### [PROBLEM STATEMENT]
Write every record below out exactly; no images.

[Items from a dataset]
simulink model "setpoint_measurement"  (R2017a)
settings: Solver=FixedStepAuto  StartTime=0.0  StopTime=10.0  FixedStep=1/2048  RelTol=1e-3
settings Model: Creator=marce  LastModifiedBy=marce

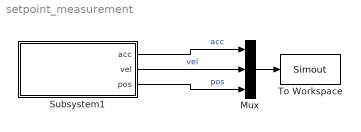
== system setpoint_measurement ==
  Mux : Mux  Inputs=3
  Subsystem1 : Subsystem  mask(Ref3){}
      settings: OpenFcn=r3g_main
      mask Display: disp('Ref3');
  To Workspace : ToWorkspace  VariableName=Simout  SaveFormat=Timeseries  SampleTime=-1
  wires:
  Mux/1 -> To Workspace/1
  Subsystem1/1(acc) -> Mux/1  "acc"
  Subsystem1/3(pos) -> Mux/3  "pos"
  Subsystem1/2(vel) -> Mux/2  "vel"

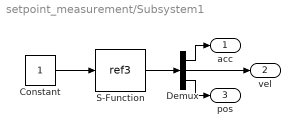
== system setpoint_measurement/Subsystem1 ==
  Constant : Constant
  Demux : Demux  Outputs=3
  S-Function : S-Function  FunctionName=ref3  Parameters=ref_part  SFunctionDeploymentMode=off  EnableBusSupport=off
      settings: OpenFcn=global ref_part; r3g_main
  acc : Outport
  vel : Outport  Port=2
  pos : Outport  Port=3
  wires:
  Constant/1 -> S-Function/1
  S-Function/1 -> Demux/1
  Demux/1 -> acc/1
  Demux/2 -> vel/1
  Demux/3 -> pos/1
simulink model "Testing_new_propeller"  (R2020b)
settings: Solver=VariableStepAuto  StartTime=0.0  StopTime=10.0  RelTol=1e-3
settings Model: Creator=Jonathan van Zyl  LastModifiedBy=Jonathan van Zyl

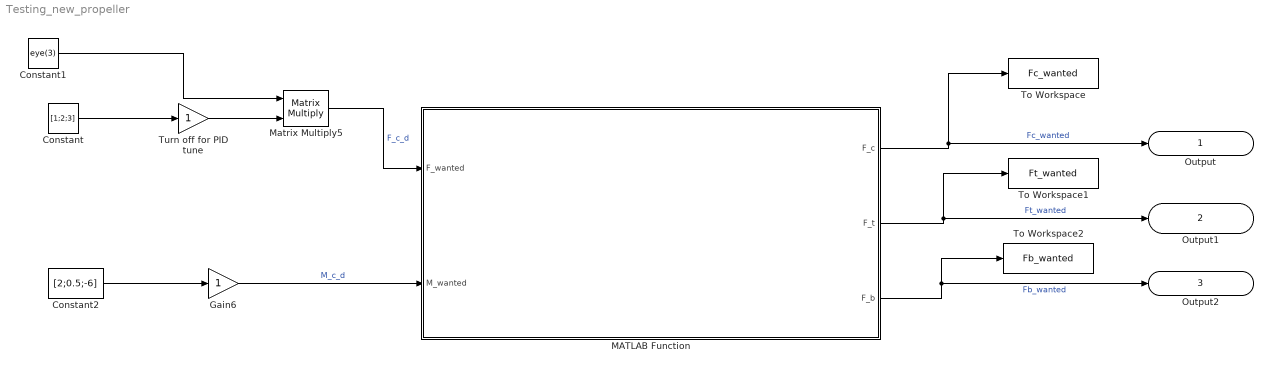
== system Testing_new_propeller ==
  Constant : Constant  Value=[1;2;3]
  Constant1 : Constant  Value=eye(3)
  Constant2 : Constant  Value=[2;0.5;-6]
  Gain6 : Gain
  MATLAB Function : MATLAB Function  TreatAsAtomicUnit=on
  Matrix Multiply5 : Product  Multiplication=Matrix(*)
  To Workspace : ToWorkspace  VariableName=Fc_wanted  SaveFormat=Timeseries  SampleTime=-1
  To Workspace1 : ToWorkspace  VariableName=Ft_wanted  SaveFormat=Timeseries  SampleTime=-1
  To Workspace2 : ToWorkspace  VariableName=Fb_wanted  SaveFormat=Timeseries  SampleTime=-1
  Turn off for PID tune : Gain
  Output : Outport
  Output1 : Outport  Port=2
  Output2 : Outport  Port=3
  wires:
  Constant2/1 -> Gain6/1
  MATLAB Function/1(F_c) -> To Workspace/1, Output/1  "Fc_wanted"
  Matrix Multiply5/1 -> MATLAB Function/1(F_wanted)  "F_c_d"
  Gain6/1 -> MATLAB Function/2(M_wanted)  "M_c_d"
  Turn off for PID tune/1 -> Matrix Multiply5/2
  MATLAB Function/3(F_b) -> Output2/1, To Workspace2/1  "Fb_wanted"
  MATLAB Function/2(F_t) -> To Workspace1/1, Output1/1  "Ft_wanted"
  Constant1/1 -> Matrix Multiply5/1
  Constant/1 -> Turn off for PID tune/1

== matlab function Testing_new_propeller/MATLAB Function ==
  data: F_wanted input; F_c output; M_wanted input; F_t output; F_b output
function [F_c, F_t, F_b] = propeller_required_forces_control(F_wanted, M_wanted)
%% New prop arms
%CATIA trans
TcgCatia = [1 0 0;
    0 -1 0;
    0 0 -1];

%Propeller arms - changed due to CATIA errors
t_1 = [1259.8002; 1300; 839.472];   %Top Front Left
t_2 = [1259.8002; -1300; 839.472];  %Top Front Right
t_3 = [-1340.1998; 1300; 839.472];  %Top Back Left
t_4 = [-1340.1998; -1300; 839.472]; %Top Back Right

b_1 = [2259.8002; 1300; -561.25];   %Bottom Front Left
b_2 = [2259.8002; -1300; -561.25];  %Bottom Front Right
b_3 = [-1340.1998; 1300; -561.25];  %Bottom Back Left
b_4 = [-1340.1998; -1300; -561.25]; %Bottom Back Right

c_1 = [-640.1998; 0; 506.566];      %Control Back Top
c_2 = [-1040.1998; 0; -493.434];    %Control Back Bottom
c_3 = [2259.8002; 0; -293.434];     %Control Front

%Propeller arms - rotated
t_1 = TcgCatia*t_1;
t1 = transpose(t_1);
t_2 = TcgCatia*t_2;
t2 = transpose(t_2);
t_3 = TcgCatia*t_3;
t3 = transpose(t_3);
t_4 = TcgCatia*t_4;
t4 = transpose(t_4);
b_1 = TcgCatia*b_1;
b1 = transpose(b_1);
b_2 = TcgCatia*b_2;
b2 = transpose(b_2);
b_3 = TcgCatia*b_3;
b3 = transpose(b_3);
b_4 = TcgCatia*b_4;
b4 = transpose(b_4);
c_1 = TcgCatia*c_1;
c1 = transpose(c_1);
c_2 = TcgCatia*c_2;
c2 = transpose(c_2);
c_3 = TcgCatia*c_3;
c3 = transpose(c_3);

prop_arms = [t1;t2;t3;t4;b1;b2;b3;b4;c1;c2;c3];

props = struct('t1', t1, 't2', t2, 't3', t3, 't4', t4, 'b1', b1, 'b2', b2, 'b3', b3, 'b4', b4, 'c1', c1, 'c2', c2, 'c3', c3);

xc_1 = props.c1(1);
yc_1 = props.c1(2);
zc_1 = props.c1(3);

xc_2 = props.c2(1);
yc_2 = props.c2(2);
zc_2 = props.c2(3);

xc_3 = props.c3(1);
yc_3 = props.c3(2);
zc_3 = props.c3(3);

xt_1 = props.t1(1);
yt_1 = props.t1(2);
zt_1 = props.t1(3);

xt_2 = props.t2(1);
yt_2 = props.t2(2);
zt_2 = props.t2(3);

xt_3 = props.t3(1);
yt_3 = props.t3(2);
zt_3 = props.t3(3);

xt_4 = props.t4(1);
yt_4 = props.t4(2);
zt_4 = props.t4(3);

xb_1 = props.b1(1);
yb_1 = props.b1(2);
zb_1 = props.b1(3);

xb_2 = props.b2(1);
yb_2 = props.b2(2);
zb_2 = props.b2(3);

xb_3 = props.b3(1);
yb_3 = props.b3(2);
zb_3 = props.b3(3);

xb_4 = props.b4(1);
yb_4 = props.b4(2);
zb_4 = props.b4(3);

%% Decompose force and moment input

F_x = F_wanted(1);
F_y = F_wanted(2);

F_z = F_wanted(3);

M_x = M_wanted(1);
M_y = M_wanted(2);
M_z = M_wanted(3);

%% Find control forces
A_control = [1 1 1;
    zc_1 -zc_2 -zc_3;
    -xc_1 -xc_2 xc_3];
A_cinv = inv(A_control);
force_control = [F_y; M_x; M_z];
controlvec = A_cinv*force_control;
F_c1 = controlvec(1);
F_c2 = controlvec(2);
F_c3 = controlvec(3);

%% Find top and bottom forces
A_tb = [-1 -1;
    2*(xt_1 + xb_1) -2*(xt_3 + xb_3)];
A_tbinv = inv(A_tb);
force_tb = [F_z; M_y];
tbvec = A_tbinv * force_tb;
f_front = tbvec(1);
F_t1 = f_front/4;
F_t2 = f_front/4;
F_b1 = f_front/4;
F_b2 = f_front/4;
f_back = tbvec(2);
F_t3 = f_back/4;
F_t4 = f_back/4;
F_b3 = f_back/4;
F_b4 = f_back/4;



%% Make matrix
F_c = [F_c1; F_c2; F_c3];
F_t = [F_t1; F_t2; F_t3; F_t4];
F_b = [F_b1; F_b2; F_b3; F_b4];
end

### [RESPONSE TO THIS TASK]
simulink model "setpoint_measurement"  (R2017a)
settings: Solver=FixedStepAuto  StartTime=0.0  StopTime=10.0  FixedStep=1/2048  RelTol=1e-3
settings Model: Creator=marce  LastModifiedBy=marce

== system setpoint_measurement ==
  Mux : Mux  Inputs=3
  Subsystem1 : Subsystem  mask(Ref3){}
      settings: OpenFcn=r3g_main
      mask Display: disp('Ref3');
  To Workspace : ToWorkspace  VariableName=Simout  SaveFormat=Timeseries  SampleTime=-1
  wires:
  Mux/1 -> To Workspace/1
  Subsystem1/1(acc) -> Mux/1  "acc"
  Subsystem1/3(pos) -> Mux/3  "pos"
  Subsystem1/2(vel) -> Mux/2  "vel"

== system setpoint_measurement/Subsystem1 ==
  Constant : Constant
  Demux : Demux  Outputs=3
  S-Function : S-Function  FunctionName=ref3  Parameters=ref_part  SFunctionDeploymentMode=off  EnableBusSupport=off
      settings: OpenFcn=global ref_part; r3g_main
  acc : Outport
  vel : Outport  Port=2
  pos : Outport  Port=3
  wires:
  Constant/1 -> S-Function/1
  S-Function/1 -> Demux/1
  Demux/1 -> acc/1
  Demux/2 -> vel/1
  Demux/3 -> pos/1
simulink model "Testing_new_propeller"  (R2020b)
settings: Solver=VariableStepAuto  StartTime=0.0  StopTime=10.0  RelTol=1e-3
settings Model: Creator=Jonathan van Zyl  LastModifiedBy=Jonathan van Zyl

== system Testing_new_propeller ==
  Constant : Constant  Value=[1;2;3]
  Constant1 : Constant  Value=eye(3)
  Constant2 : Constant  Value=[2;0.5;-6]
  Gain6 : Gain
  MATLAB Function : MATLAB Function  TreatAsAtomicUnit=on
  Matrix Multiply5 : Product  Multiplication=Matrix(*)
  To Workspace : ToWorkspace  VariableName=Fc_wanted  SaveFormat=Timeseries  SampleTime=-1
  To Workspace1 : ToWorkspace  VariableName=Ft_wanted  SaveFormat=Timeseries  SampleTime=-1
  To Workspace2 : ToWorkspace  VariableName=Fb_wanted  SaveFormat=Timeseries  SampleTime=-1
  Turn off for PID tune : Gain
  Output : Outport
  Output1 : Outport  Port=2
  Output2 : Outport  Port=3
  wires:
  Constant2/1 -> Gain6/1
  MATLAB Function/1(F_c) -> To Workspace/1, Output/1  "Fc_wanted"
  Matrix Multiply5/1 -> MATLAB Function/1(F_wanted)  "F_c_d"
  Gain6/1 -> MATLAB Function/2(M_wanted)  "M_c_d"
  Turn off for PID tune/1 -> Matrix Multiply5/2
  MATLAB Function/3(F_b) -> Output2/1, To Workspace2/1  "Fb_wanted"
  MATLAB Function/2(F_t) -> To Workspace1/1, Output1/1  "Ft_wanted"
  Constant1/1 -> Matrix Multiply5/1
  Constant/1 -> Turn off for PID tune/1

== matlab function Testing_new_propeller/MATLAB Function ==
  data: F_wanted input; F_c output; M_wanted input; F_t output; F_b output
function [F_c, F_t, F_b] = propeller_required_forces_control(F_wanted, M_wanted)
%% New prop arms
%CATIA trans
TcgCatia = [1 0 0;
    0 -1 0;
    0 0 -1];

%Propeller arms - changed due to CATIA errors
t_1 = [1259.8002; 1300; 839.472];   %Top Front Left
t_2 = [1259.8002; -1300; 839.472];  %Top Front Right
t_3 = [-1340.1998; 1300; 839.472];  %Top Back Left
t_4 = [-1340.1998; -1300; 839.472]; %Top Back Right

b_1 = [2259.8002; 1300; -561.25];   %Bottom Front Left
b_2 = [2259.8002; -1300; -561.25];  %Bottom Front Right
b_3 = [-1340.1998; 1300; -561.25];  %Bottom Back Left
b_4 = [-1340.1998; -1300; -561.25]; %Bottom Back Right

c_1 = [-640.1998; 0; 506.566];      %Control Back Top
c_2 = [-1040.1998; 0; -493.434];    %Control Back Bottom
c_3 = [2259.8002; 0; -293.434];     %Control Front

%Propeller arms - rotated
t_1 = TcgCatia*t_1;
t1 = transpose(t_1);
t_2 = TcgCatia*t_2;
t2 = transpose(t_2);
t_3 = TcgCatia*t_3;
t3 = transpose(t_3);
t_4 = TcgCatia*t_4;
t4 = transpose(t_4);
b_1 = TcgCatia*b_1;
b1 = transpose(b_1);
b_2 = TcgCatia*b_2;
b2 = transpose(b_2);
b_3 = TcgCatia*b_3;
b3 = transpose(b_3);
b_4 = TcgCatia*b_4;
b4 = transpose(b_4);
c_1 = TcgCatia*c_1;
c1 = transpose(c_1);
c_2 = TcgCatia*c_2;
c2 = transpose(c_2);
c_3 = TcgCatia*c_3;
c3 = transpose(c_3);

prop_arms = [t1;t2;t3;t4;b1;b2;b3;b4;c1;c2;c3];

props = struct('t1', t1, 't2', t2, 't3', t3, 't4', t4, 'b1', b1, 'b2', b2, 'b3', b3, 'b4', b4, 'c1', c1, 'c2', c2, 'c3', c3);

xc_1 = props.c1(1);
yc_1 = props.c1(2);
zc_1 = props.c1(3);

xc_2 = props.c2(1);
yc_2 = props.c2(2);
zc_2 = props.c2(3);

xc_3 = props.c3(1);
yc_3 = props.c3(2);
zc_3 = props.c3(3);

xt_1 = props.t1(1);
yt_1 = props.t1(2);
zt_1 = props.t1(3);

xt_2 = props.t2(1);
yt_2 = props.t2(2);
zt_2 = props.t2(3);

xt_3 = props.t3(1);
yt_3 = props.t3(2);
zt_3 = props.t3(3);

xt_4 = props.t4(1);
yt_4 = props.t4(2);
zt_4 = props.t4(3);

xb_1 = props.b1(1);
yb_1 = props.b1(2);
zb_1 = props.b1(3);

xb_2 = props.b2(1);
yb_2 = props.b2(2);
zb_2 = props.b2(3);

xb_3 = props.b3(1);
yb_3 = props.b3(2);
zb_3 = props.b3(3);

xb_4 = props.b4(1);
yb_4 = props.b4(2);
zb_4 = props.b4(3);

%% Decompose force and moment input

F_x = F_wanted(1);
F_y = F_wanted(2);

F_z = F_wanted(3);

M_x = M_wanted(1);
M_y = M_wanted(2);
M_z = M_wanted(3);

%% Find control forces
A_control = [1 1 1;
    zc_1 -zc_2 -zc_3;
    -xc_1 -xc_2 xc_3];
A_cinv = inv(A_control);
force_control = [F_y; M_x; M_z];
controlvec = A_cinv*force_control;
F_c1 = controlvec(1);
F_c2 = controlvec(2);
F_c3 = controlvec(3);

%% Find top and bottom forces
A_tb = [-1 -1;
    2*(xt_1 + xb_1) -2*(xt_3 + xb_3)];
A_tbinv = inv(A_tb);
force_tb = [F_z; M_y];
tbvec = A_tbinv * force_tb;
f_front = tbvec(1);
F_t1 = f_front/4;
F_t2 = f_front/4;
F_b1 = f_front/4;
F_b2 = f_front/4;
f_back = tbvec(2);
F_t3 = f_back/4;
F_t4 = f_back/4;
F_b3 = f_back/4;
F_b4 = f_back/4;



%% Make matrix
F_c = [F_c1; F_c2; F_c3];
F_t = [F_t1; F_t2; F_t3; F_t4];
F_b = [F_b1; F_b2; F_b3; F_b4];
end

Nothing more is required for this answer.